If the document structure is complicated enough, you might need (or want) a DOM - in which case XDocument.Parse should do the trick.

Pavel Minaev
Your sound like a good idea but I don't have access to Linq.
Newbie
I dont see the point in wrapping it inside a StringReader. As far as I know, the only purpose of StringReader is to have mutable strings such that when a lot of string operations are performed. The overhead of creating new strings for every string manipulation is gone with StringReader. I dont see how that fits here?
Henri
@Henry: You're confusing `StringWriter` with `StringReader`. `StringReader` is used here to provide `TextReader` interface on top of a plain string, because `XmlReader.Create` expects `TextReader`.
Pavel Minaev
@Newbite: if you don't have LINQ, then pick either `XmlDocument` or `XPathDocument` depending on your requirements. If you're only going to read data, `XPathDocument` would likely be better.
Pavel Minaev
+3  A: 

For navigation? Probably XPathDocument:

string s = @"<xml/>";
XPathDocument doc = new XPathDocument(new StringReader(s));

From MSDN,

Provides a fast, read-only, in-memory representation of an XML document by using the XPath data model.

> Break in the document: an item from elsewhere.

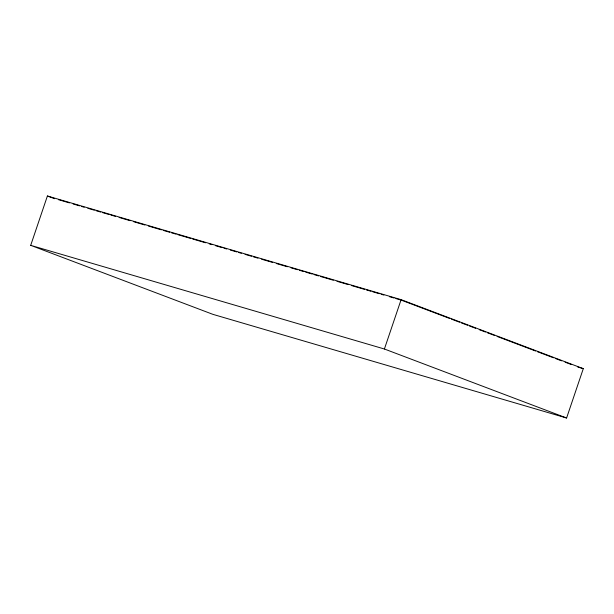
<?xml version="1.0" encoding="UTF-8"?>
<svg xmlns="http://www.w3.org/2000/svg" width="614" height="614" viewBox="0 0 614 614"><rect width="100%" height="100%" fill="white"/><g stroke="black" fill="none" stroke-linecap="round" stroke-linejoin="round"><path stroke-width="0.92" d="M30.7 245.347L47.401 195.996L401.111 299.655L583.3 368.653L566.599 418.004L212.889 314.345L30.7 245.347L384.402 349.005L566.599 418.004M384.402 349.005L401.111 299.655M58.437 199.673L69.466 202.904M73.143 203.978L79.582 205.867M81.416 206.404L84.179 207.217M87.856 208.292L94.287 210.18M96.129 210.717L100.727 212.068M102.561 212.605L109 214.493M110.835 215.03L115.432 216.374M119.108 217.456L130.145 220.687M133.821 221.761L144.85 225M148.527 226.075L161.398 229.851M163.24 230.388L169.679 232.276M171.513 232.813L176.111 234.157M177.953 234.702L190.824 238.47M192.658 239.007L205.529 242.783M209.205 243.858L211.968 244.664M215.644 245.746L222.076 247.634M223.918 248.171L226.673 248.977M230.35 250.059L236.789 251.94M238.623 252.477L241.386 253.29M245.063 254.365L251.494 256.253M253.336 256.79L257.934 258.141M261.61 259.215L272.639 262.447M276.315 263.529L287.352 266.76M291.028 267.834L297.46 269.723M299.302 270.26L303.899 271.611M305.734 272.148L312.173 274.036M314.015 274.573L318.605 275.924M320.447 276.461L333.318 280.23M336.994 281.312L348.031 284.543M351.707 285.617L364.578 289.394M366.412 289.931L371.009 291.282M372.851 291.819L379.283 293.707M381.125 294.244L383.88 295.05M389.399 296.669L393.996 298.013M395.83 298.55L400.428 299.901M577.789 367.042L583.3 368.653M401.349 300.169L449.678 318.474M451.467 319.15L459.525 322.204M461.314 322.88L467.576 325.251M469.365 325.934L475.635 328.306M479.212 329.657L485.474 332.036M487.27 332.711L494.431 335.421M497.11 336.441L535.6 351.016M537.388 351.692L553.498 357.793M555.286 358.469L561.549 360.84M565.133 362.199L571.396 364.57M47.401 195.996L54.546 198.698"/></g></svg>

Unlike XmlDocument etc, it is optimised for readonly usage; more efficient but less powerful (i.e. you can't edit it). For notes on how to query it, see here.

Marc Gravell
It should be noted that `XPathDocument` is actually _significantly_ faster on some kinds of XPath queries; notably anything involving `preceding` or `preceding-sibling` axis.
Pavel Minaev
+3  A: 

For speed, use an XmlReader:

using (StringReader sr = new StringReader(myString))
using (XmlReader xr = XmlReader.Create(sr))
{
    while (xr.Read())
    {
        if (xr.NodeType == XmlNodeType.Element && xr.Name == "foo")
        {
            Console.WriteLine(xr.ReadString());
        }
    }
}

The above prints out the text content of every element named "foo" in the XML document. (Well, sort of. ReadString doesn't handle nested elements very gracefully.)

Using an XPathDocument is slower, because the entire document gets parsed before you can start searching it, but it has the merit of simplicity:

using (StringReader sr = new StringReader(myString))
{
    XPathDocument d = new XPathDocument(sr);
    foreach (XPathNavigator n in d.CreateNavigator().Select("//foo/text()"))
    {
        Console.WriteLine(n.Value);
    }
}

If you're not concerned with performance or memory utilization, it's simplest to use an XmlDocument:

XmlDocument d = new XmlDocument();
d.LoadXml(myString);
foreach (XmlNode n in d.SelectNodes("//foo/text()"))
{
   Console.WriteLine(n.Value);
}
Robert Rossney
Nice answer with code samples. As a side note, `XPathNodeIterator` implements `IEnumerable`, so there's no need to use `while` - `foreach` will do the trick as well, and is easier to read.
Pavel Minaev
Right you are; I edited the example to show that.